Social media is quickly becoming the begin-all and end-all of companies. In a brand race to join the social craze that attracts customers like flies, social networks are the selling platforms of today.
Twitter is one such network. But there’s one problem: it just keeps getting hacked.
June 2009 saw 33 Twitter accounts hacked due to faulty admin tools. In July 2011, the Fox News account, followed by millions of people, tweeted that president Barrack Obama had been assassinated. That same month, PayPal’s UK Twitter feed found its profile picture changed into that of a pile of excrement. Two months later, the NBC news account told the world that a plane had crashed into the ground zero area of Manhatten.

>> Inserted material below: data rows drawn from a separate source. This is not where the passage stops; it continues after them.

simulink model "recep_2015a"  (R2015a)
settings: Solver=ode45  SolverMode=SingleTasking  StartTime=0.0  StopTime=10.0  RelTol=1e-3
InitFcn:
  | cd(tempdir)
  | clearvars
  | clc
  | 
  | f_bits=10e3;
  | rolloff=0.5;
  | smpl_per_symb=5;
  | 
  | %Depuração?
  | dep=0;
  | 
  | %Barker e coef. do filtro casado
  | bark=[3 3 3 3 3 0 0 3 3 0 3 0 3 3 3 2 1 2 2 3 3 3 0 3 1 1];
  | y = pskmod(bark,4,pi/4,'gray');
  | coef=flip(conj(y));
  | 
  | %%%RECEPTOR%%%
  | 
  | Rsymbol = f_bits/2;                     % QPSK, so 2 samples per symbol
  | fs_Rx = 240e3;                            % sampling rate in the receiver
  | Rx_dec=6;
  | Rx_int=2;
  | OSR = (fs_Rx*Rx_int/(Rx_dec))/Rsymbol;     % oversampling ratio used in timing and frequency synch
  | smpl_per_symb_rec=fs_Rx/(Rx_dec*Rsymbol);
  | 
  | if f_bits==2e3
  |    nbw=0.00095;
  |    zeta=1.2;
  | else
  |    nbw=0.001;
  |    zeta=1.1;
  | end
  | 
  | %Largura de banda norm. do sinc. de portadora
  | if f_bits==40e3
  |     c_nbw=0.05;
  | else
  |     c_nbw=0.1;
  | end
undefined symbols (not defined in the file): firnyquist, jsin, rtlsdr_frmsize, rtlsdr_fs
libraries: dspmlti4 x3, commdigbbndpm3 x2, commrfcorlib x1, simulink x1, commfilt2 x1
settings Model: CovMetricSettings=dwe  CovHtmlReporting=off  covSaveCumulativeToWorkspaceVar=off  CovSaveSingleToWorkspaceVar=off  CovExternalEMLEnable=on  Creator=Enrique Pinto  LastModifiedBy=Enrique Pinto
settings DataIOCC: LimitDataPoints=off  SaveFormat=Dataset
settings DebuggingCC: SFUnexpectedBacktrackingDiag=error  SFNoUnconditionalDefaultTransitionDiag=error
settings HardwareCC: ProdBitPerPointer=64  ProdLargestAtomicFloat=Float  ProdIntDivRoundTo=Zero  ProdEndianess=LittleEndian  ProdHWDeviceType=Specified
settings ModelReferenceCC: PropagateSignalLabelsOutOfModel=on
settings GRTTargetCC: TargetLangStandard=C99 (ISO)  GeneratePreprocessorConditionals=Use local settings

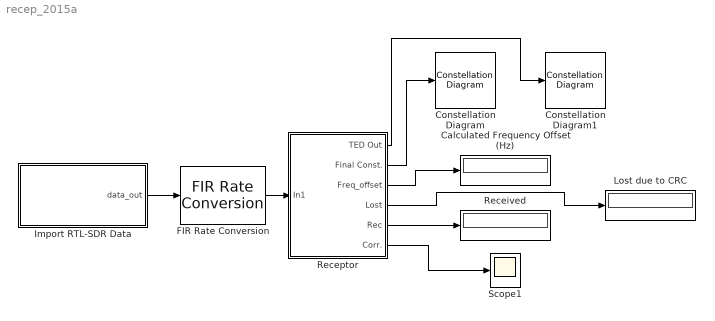
== system recep_2015a ==
  Calculated Frequency Offset (Hz) : Display
  Constellation Diagram : ConstellationDiagram
  Constellation Diagram1 : ConstellationDiagram
  FIR Rate Conversion : dspmlti4/FIR Rate Conversion  FilterSource=Specify via dialog  L=6  h=6 .* firnyquist(24*max(6,5), max(6,5), kaiser(1 + 24*max(6,5), 0.1102*(80-8.71)))  M=5  FilterObject=FRC  roundingMode=Floor  overflowMode=off  firstCoeffDataTypeStr=Inherit: Same word length as input  firstCoeffMin=[]  firstCoeffMax=[]  firstCoeffLastDataTypeStr=Inherit: Same word length as input  outputDataTypeStr=Inherit: Same as accumulator  outputMin=[]  outputMax=[]  outputLastDataTypeStr=Inherit: Same as accumulator
  Import RTL-SDR Data : Subsystem  AncestorBlock=rtlsdr_book_library/Additional Tools/Import RTL-SDR Data  InitFcn=|  StopFcn=|  mask{filename=C:\Users\Enrique Pinto\Desktop\SDR\Projeto\trans_data.mat, frm_size=6000, data_type=single}
      InitFcn=|
      | try
      |    load(get_param(gcb,'filename'));
      |    [nfrm,rtlsdr_frmsize] = size(rtlsdr_data.data);
      |    rtlsdr_fs = rtlsdr_frmsize/rtlsdr_data.TimeInfo.Increment;
      | catch
      |       error(['Unable to read file "',get_param(gcbh,'filename'),...
      |            '". No such file or directory. Please check that the filename',...
      |            ' you entered is correct, and contains the ".mat" extension.']);
      | end
      StopFcn=|
      | clear(...
      | 'rtlsdr_frmsize',...
      | 'rtlsdr_fs',...
      | 'nfrm',...
      | 'rtlsdr_data' );
      mask prompts: filename "File Name:"; frm_size "Output Frame Size:"; data_type "Output Data Type:"
      settings: CloseFcn=|
      | try
      |    load(get_param(gcb,'filename'));
      |    [nfrm,rtlsdr_frmsize] = size(rtlsdr_data.data);
      |    rtlsdr_fs = rtlsdr_frmsize/rtlsdr_data.TimeInfo.Increment;
      | catch
      |       error(['Unable to read file "',get_param(gcbh,'filename'),...
      |            '". No such file or directory. Please check that the filename',...
      |            ' you entered is correct, and contains the ".mat" extension.']);
      | end
      mask Callback filename:
      | set_param([gcb '/From File'], 'Filename',...
      |             get_param(gcbh,'filename'));
      mask TypeOptions data_type: int16 | single | double
      mask DialogControl Control2 Prompt: Browse
      mask DialogControl Control2 Callback:
      | % browse for file
      | [filename,path] = uigetfile({'*.mat'},'Select an RTL-SDR Data File');
      | 
      | % if in current folder, only use filename
      | if strcmp([pwd,filesep],path)
      | 
      |     try
      |         % try to set the filename in the box
      |         set_param(...
      |             gcb,...
      |             'filename',...
      |             filename );
      |         % try to import the data
      |         load(get_param(gcb,'filename'));
      |         rtlsdr_frmsize = length(rtlsdr_data.data);
      |         [nfrm,rtlsdr_frmsize] = size(rtlsdr_data.data);
      |         rtlsdr_fs = rtlsdr_frmsize/rtlsdr_data.TimeInfo.Increment;
      |     end
      | % else use full filepath
      | else
      | 
      |     try
      |         % try to set the filename in the box
      |         set_param(...
      |             gcb,...
      |             'filename',...
      |             [path,filename] );
      |         % try to import the data
      |      	load(get_param(gcb,'filename'));
      |         [nfrm,rtlsdr_frmsize] = size(rtlsdr_data.data);
      |         rtlsdr_fs = rtlsdr_frmsize/rtlsdr_data.TimeInfo.Increment;
      |     end
      | end
      | 
      | clear('path','filename');
      mask Display:
      | % try to apply icon
      | try
      |     root = which('rtlsdr_book_library');
      |     root = root(1:end-length('rtlsdr_book_library/rtlsdr_book_library.slx'));
      |     image([root,'rtlsdr_book_library/block_icons/icon__load_rtlsdr_data.png'],[0,0,125,60]);
      | end
      | 
      | % if file accessible
      | try
      |     load(get_param(gcb,'filename'));
      |         [nfrm,rtlsdr_frmsize] = size(rtlsdr_data.data);
      |         rtlsdr_fs = rtlsdr_frmsize/rtlsdr_data.TimeInfo.Increment;
      |         %rtlsdr_fs = 1/rtlsdr_data.TimeInfo.Increment;
      | 
      |     % convert to kHz
      |     fs = rtlsdr_fs/1000;
      | 
      |     % if MHz.. convert to MHz and display
      |     if fs > 999
      |         fs = fs/1000;
      |         fprintf(['\n\n\n               fs = ',num2str(fs),'MHz']);
      | 
      |     % else display kHz
      |     else
      |         fprintf(['\n\n\n              fs = ',num2str(fs),'kHz']);
      |     end
      | 
      | catch
      |     % display nothing
      |     fprintf('\n\n\n   fs = ');
      | end
  Lost due to CRC : Display
  Received : Display
  Receptor : Subsystem
  Scope1 : Scope
      settings: TimeRange=auto  MaxDataPoints=5000  SaveToWorkspace=off  SaveName=ScopeData  YMin=-6.73795  YMax=60.64159  SampleTime=-1
  wires:
  Receptor/2(Final Const.) -> Constellation Diagram/1
  Receptor/6("Corr. ") -> Scope1/1
  Receptor/1(TED Out) -> Constellation Diagram1/1
  Receptor/4("Lost ") -> Lost due to CRC/1
  Receptor/5("Rec ") -> Received/1
  Receptor/3(Freq_offset) -> Calculated Frequency Offset (Hz)/1
  Import RTL-SDR Data/1(data_out) -> FIR Rate Conversion/1
  FIR Rate Conversion/1 -> Receptor/1(In1)

== system recep_2015a/Import RTL-SDR Data ==
  note: convert 2D [usrlen x 1]
      | matrix to 1D array to match
      | RTL-SDR Receiver block
  note: resize 1D array
      | to user specified length
  note: outputs 1D arrays with length
      | matching the recording length
  Buffer : Buffer  N=frm_size
  From File : FromFile  FileName=C:\Users\Enrique Pinto\Desktop\SDR\Projeto\trans_data.mat  SampleTime=rtlsdr_frmsize/rtlsdr_fs  ExtrapolationAfterLastDataPoint=Ground value
  Reshape : Reshape
  data_out : Outport
  wires:
  Reshape/1 -> data_out/1
  Buffer/1 -> Reshape/1
  From File/1 -> Buffer/1

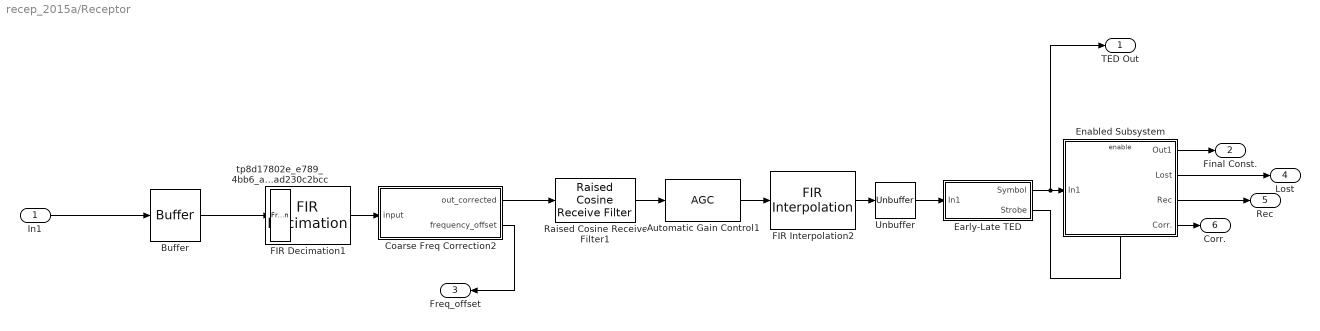
== system recep_2015a/Receptor ==
  In1 : Inport
  Automatic Gain Control1 : commrfcorlib/AGC  DetectorMethod=Rectifier  LoopMethod=Linear  UpdatePeriod=128  StepSize=0.05  MaximumGain=20  GainOutputPort=off  SimulateUsing=Code generation
  Buffer : Buffer  N=4096
  Coarse Freq Correction2 : Subsystem  mask{M=4, fs=fs_Rx/Rx_dec}
      mask prompts: M "Number of Symbols"; fs "Sample Frequency"
  Early-Late TED : Subsystem  mask{OSR=OSR, Bn=nbw, z=zeta}
      mask prompts: OSR "Oversampling Rate (OSR)"; Bn "Norm. BW"; z "Zeta"
      mask init:
      | % *** SYMBOL TIMING synch loop ***
      | Kp= 1;
      | Ko= 1;
      | n=(Bn)/(z+(1/(4*z)));
      | Ka=4*z*n/(Ko*Kp*(1+2*z*n+n^2));
      | Kb=4*(n^2)/(Ko*Kp*(1+2*z*n+n^2));
      mask DialogControl DescGroupVar Prompt: Early-Late TED
  Enabled Subsystem : Subsystem  TreatAsAtomicUnit=on
  FIR Decimation1 : dspmlti4/FIR Decimation  FilterSource=Specify via dialog  h=fir1(Rx_dec*10,1/Rx_dec)  D=Rx_dec  filtStruct=Direct form  FilterObject=Hm_firdecim  InputProcessing=Columns as channels (frame based)  framing=Allow multirate processing  inputOffset=0  outputBufInitCond=0  roundingMode=Floor  overflowMode=off  firstCoeffDataTypeStr=Inherit: Same word length as input  firstCoeffMin=[]  firstCoeffMax=[]  firstCoeffLastDataTypeStr=Inherit: Same word length as input  outputDataTypeStr=Inherit: Same as accumulator  outputMin=[]  outputMax=[]  outputLastDataTypeStr=Inherit: Same as accumulator
  FIR Interpolation2 : dspmlti4/FIR Interpolation  FilterSource=Specify via dialog  h=Rx_int*fir1(Rx_int*10,1/Rx_int)  L=Rx_int  FilterObject=Hm_firinterp  InputProcessing=Columns as channels (frame based)  framing=Enforce single-rate processing  outputBufInitCond=0  roundingMode=Floor  overflowMode=off  firstCoeffDataTypeStr=Inherit: Same word length as input  firstCoeffMin=[]  firstCoeffMax=[]  firstCoeffLastDataTypeStr=Inherit: Same word length as input  outputDataTypeStr=Inherit: Same as accumulator  outputMin=[]  outputMax=[]  outputLastDataTypeStr=Inherit: Same as accumulator
  Raised Cosine Receive Filter1 : commfilt2/Raised Cosine Receive Filter  filtType=Square root  R=rolloff  filtSpan=10  N=smpl_per_symb_rec  downFactor=1  downOffset=0  filterGain=1  InputProcessing=Columns as channels (frame based)  framing=Enforce single-rate processing  checkCoeff=off  variableName=rcRxFilt1  currentFiltSpan=10  D=(10)/2  sampMode=Mute  saveAsFlag=1  rateMode=Downsampling  checkGain=Normalized  launchFVT=on  roundingMode=Floor  overflowMode=off
  Unbuffer : Unbuffer  ic=0.7071+0.7071i
  tp8d17802e_e789_4bb6_a5f2_3bad230c2bcc : FrameConversion  InheritSamplingMode=off  OutFrame=Sample-based
  TED Out : Outport
  Final Const. : Outport  Port=2
  Freq_offset : Outport  Port=3
  "Lost " : Outport  Port=4
  "Rec " : Outport  Port=5
  "Corr. " : Outport  Port=6
  wires:
  Coarse Freq Correction2/1(out_corrected) -> Raised Cosine Receive Filter1/1
  Unbuffer/1 -> Early-Late TED/1(In1)
  Automatic Gain Control1/1 -> FIR Interpolation2/1
  FIR Decimation1/1 -> Coarse Freq Correction2/1(input)
  Raised Cosine Receive Filter1/1 -> Automatic Gain Control1/1
  Early-Late TED/2(Strobe) -> Enabled Subsystem/Enable
  Early-Late TED/1(Symbol) -> TED Out/1, Enabled Subsystem/1(In1)
  FIR Interpolation2/1 -> Unbuffer/1
  Coarse Freq Correction2/2(frequency_offset) -> Freq_offset/1
  In1/1 -> Buffer/1
  Enabled Subsystem/1(Out1) -> Final Const./1
  Enabled Subsystem/2(Lost) -> "Lost "/1
  Enabled Subsystem/3("Rec ") -> "Rec "/1
  Enabled Subsystem/4(Corr.) -> "Corr. "/1
  Buffer/1 -> tp8d17802e_e789_4bb6_a5f2_3bad230c2bcc/1
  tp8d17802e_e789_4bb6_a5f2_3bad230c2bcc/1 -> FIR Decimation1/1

Twitter’s own system had been attacked in January this year, and the hackers gained immediate access to usernames and passwords. This resulted in the accounts of 250,000 users being compromised.
A more recent barrage of cyber-attacks had Burger King sold, TopGear’s presenter Jeremy Clarkson selling weight-loss tablets and Jeep advertising rival cars.
On Monday, Burger King found its Twitter profile picture evolved into the familiar golden arches of its hamburger rival, McDonalds.
“We just got sold to McDonalds! Look for McDonalds in a hood near you!” was the post that started it all. In what could perhaps be the company’s tweet peak, a mix of racial slurs and references to drugs had been re-tweeted to the account several times. Posted links included the images of unhygienic kitchens and a man injecting himself with a syringe.
But what impact did the hack have on Burger King’s Twitter account? According to Synthesio, a social media monitoring and analysis software company, 450,000 tweets were linked to the hacker, with the peak of conversation taking place at 14:00 with 160,000 tweets in one hour.
Burger King had gained 30,000 extra followers in one day and a 300 per cent increase in conversation.
The very next day, it was Jeep’s turn to have the cyber-fangs of hackers sink into its twitter account.
Why keep using Twitter?
It’s just too valuable – companies can’t afford to ignore Twitter.
Social networks have proven to be a gold mine in potential customers, a reason why businesses seem reluctant to leave Twitter.
However, Mike Santoro, president of Walker Sands social media firm, says that “for now, Twitter represents more reward than risk.”
Showing how serious they are about handling the hacking issue, Twitter has recently posted job listings for security personnel, which includes engineers to work on a basic security tool known as two-factor authentication. It’s no wonder they’ve started increasing the sites security, but it’s a bit surprising that they are only doing it now.
Apart from the introduction of two-factor authentication to the platform, how will they keep our accounts safe? They don’t, we do. Experts, and Twitter themselves, are posting around the web the need for stronger passwords. We seem to follow, more often than not, poor password practices; using the same password in multiple places and choosing far too obvious words.
In 2010, in fact, Twitter banned 370 passwords for being too obvious. Did we learn to strengthen our passwords? No. So, what was included in the password no-no list?
“000000”,”123456″, “aaaaaa”, “password”, “helpme”, “twitter”, “whatever”, “zzzzzz”, “monkey” and the list goes on. Since 2011, Twitter had a list of 401 passwords that they didn’t allow members to use. Prior to being banned, “123456” was the most commonly used password on Twitter.
And people wonder why their accounts get hacked? In essence, we make our accounts easy to hack. So, here are a few things you think about incorporating into your password; using at least ten characters, both upper and lower case letters and try to include a number or symbol.